* [PROBLEM]: Every line that holds the word "drawing" needs to be copied from the data below.

**********

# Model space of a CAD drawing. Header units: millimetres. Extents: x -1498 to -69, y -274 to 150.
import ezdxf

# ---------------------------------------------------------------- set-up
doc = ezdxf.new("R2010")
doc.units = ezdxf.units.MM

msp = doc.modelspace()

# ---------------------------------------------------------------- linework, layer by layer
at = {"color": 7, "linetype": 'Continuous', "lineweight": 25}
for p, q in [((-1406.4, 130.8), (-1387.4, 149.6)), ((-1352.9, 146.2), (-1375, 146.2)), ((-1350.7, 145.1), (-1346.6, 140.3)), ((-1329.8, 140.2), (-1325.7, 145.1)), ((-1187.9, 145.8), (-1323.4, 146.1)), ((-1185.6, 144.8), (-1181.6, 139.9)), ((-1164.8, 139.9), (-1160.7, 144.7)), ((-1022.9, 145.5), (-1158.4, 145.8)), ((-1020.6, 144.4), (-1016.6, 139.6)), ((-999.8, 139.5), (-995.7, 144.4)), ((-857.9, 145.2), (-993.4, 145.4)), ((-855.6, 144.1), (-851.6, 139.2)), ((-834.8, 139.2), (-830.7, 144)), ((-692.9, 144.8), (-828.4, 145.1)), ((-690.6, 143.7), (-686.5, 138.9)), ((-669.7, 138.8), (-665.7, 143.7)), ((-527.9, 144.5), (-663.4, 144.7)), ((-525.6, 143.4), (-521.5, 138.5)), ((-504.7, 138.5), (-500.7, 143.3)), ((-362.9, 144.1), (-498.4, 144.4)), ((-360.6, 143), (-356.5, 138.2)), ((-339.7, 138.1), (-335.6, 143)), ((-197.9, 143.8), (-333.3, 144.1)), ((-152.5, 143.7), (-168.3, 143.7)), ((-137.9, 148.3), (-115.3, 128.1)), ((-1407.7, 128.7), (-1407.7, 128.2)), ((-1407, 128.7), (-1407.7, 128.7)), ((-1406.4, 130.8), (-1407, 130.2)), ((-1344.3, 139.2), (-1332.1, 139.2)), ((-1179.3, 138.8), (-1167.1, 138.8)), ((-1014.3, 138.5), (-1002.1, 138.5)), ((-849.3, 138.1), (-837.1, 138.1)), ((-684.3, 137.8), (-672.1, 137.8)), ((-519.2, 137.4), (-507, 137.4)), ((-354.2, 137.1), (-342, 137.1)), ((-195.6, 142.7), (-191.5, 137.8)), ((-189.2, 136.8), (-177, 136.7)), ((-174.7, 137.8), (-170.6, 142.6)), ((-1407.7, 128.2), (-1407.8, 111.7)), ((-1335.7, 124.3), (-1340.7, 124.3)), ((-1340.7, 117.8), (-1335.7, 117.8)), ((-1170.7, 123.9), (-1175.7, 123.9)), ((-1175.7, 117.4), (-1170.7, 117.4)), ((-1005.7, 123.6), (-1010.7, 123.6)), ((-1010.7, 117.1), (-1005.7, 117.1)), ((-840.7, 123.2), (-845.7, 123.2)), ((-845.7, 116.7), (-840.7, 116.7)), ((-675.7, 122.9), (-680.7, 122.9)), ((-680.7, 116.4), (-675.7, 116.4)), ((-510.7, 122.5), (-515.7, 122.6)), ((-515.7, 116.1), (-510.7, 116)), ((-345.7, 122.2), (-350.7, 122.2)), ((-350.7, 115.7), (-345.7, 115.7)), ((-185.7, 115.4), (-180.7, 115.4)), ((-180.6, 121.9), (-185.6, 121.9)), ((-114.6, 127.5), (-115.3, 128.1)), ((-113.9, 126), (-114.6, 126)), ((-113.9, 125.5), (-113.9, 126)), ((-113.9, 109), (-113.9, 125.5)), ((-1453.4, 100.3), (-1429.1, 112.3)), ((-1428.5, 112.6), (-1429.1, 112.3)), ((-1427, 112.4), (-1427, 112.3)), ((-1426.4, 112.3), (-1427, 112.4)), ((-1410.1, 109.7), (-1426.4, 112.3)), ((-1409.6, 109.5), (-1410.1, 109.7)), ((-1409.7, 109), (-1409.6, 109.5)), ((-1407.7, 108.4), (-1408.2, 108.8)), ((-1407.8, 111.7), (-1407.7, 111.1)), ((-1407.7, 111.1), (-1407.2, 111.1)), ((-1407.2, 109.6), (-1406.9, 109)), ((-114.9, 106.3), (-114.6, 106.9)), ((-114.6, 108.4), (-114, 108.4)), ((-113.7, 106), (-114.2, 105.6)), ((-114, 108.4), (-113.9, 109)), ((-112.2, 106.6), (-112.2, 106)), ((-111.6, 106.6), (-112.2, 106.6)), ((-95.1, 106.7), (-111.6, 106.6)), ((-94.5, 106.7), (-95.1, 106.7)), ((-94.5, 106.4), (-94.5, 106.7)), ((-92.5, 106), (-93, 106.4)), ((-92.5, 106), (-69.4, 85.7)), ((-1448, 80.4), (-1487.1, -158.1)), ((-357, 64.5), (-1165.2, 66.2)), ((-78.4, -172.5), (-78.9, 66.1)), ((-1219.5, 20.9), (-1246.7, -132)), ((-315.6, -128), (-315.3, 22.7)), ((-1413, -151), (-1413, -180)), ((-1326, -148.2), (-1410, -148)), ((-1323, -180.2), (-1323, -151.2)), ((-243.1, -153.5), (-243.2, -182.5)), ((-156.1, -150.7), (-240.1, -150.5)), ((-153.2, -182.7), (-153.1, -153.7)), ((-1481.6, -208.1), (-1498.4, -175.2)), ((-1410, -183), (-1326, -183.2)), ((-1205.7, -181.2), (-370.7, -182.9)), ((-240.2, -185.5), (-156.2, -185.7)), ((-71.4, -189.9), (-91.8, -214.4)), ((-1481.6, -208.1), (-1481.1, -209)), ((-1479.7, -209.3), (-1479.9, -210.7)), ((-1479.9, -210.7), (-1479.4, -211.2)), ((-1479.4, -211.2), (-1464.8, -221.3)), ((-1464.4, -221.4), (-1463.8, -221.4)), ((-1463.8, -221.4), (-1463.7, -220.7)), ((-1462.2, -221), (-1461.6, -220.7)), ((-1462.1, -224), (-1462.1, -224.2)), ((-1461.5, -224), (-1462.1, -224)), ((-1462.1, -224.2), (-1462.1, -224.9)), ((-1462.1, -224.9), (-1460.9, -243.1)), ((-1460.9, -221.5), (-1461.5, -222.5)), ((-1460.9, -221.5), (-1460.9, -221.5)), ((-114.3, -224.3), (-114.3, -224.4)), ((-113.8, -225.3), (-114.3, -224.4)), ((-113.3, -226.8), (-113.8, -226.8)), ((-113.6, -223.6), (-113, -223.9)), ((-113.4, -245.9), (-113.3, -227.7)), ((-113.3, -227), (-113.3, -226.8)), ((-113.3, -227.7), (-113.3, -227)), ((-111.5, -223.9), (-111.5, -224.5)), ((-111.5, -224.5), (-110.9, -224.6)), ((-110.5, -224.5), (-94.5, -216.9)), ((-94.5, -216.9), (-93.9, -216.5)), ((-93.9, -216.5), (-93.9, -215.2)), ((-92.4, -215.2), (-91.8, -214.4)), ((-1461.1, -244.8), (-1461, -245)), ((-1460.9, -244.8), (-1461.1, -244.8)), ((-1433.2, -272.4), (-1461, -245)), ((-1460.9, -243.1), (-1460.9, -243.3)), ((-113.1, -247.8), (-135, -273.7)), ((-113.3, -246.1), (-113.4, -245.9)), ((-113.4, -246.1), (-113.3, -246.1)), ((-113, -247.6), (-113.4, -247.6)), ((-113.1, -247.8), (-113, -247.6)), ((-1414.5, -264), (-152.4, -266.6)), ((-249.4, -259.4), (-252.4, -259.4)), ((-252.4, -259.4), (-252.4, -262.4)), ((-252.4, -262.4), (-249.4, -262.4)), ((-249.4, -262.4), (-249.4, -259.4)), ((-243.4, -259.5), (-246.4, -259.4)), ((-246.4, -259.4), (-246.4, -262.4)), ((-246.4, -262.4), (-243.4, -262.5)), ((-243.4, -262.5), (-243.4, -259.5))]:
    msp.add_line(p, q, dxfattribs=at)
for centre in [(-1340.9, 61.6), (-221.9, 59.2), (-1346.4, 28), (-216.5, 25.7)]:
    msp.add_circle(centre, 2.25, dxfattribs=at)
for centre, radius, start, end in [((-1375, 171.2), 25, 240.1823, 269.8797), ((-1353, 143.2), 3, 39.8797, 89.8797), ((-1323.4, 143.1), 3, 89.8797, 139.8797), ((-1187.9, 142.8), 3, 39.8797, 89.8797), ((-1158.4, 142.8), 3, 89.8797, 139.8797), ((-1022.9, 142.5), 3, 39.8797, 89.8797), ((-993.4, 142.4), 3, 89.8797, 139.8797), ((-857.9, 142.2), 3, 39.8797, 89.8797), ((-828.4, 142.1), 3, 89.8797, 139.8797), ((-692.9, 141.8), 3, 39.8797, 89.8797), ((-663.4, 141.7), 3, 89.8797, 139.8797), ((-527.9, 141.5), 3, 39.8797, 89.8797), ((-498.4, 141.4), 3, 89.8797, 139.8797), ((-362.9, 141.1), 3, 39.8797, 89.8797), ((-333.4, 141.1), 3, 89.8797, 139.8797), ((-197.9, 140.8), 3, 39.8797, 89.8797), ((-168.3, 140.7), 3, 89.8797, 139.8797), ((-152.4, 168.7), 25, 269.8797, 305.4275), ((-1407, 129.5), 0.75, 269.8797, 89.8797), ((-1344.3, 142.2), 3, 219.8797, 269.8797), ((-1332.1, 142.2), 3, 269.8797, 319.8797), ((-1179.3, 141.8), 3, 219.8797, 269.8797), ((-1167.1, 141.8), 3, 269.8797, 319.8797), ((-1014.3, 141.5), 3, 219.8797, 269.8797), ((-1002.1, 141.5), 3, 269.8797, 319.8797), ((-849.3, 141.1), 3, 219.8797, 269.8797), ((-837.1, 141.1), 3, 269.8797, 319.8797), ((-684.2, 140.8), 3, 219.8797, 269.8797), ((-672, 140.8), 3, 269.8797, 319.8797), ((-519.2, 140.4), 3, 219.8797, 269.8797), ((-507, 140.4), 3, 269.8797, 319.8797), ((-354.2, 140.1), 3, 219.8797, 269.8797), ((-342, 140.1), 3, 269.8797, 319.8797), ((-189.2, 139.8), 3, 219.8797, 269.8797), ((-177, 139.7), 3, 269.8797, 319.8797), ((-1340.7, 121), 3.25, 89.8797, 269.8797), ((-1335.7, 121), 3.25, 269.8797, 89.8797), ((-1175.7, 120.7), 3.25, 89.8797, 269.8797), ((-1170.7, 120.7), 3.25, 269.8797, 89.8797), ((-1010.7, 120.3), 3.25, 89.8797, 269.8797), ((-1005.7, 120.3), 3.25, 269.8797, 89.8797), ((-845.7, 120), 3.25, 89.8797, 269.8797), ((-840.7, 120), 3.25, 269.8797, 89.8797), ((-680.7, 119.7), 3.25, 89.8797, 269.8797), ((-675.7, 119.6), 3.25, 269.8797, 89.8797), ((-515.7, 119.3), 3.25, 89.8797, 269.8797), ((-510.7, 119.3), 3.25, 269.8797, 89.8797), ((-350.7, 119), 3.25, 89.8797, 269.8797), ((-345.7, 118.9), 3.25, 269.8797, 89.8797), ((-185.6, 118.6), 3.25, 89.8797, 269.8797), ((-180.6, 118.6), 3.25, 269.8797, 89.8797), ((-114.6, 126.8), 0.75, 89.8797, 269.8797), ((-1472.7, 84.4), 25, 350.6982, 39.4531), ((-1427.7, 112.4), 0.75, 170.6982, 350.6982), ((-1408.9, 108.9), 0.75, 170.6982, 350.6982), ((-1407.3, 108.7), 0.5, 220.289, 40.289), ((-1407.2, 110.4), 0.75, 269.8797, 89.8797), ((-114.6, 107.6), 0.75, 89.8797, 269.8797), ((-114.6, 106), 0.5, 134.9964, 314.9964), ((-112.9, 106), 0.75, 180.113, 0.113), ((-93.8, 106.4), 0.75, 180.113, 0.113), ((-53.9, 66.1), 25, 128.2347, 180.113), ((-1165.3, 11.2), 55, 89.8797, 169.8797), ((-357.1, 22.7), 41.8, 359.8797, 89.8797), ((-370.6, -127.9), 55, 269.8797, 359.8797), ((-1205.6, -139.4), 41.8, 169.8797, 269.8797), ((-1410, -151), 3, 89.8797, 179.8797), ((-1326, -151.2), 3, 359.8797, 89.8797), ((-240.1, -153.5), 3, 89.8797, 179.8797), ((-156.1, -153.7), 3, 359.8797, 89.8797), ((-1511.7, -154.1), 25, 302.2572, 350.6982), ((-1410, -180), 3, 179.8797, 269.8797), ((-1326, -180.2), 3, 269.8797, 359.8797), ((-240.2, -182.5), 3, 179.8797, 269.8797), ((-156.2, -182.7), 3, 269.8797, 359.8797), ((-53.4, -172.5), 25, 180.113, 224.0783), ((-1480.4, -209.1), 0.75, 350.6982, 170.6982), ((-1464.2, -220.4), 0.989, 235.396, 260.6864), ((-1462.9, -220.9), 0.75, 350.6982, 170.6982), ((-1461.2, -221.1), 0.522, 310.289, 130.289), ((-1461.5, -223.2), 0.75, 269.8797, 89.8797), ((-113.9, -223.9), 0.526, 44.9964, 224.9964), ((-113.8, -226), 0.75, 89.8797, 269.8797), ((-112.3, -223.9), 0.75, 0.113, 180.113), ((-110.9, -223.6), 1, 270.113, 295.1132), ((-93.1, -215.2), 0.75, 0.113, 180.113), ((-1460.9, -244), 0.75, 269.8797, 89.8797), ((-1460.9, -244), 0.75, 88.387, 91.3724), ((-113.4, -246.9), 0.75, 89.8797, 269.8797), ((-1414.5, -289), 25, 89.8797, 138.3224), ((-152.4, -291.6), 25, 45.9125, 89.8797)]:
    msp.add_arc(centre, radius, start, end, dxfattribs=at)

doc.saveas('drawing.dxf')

**********

* [EXERCISE OUTPUT]:
# Model space of a CAD drawing. Header units: millimetres. Extents: x -1498 to -69, y -274 to 150.
doc.saveas('drawing.dxf')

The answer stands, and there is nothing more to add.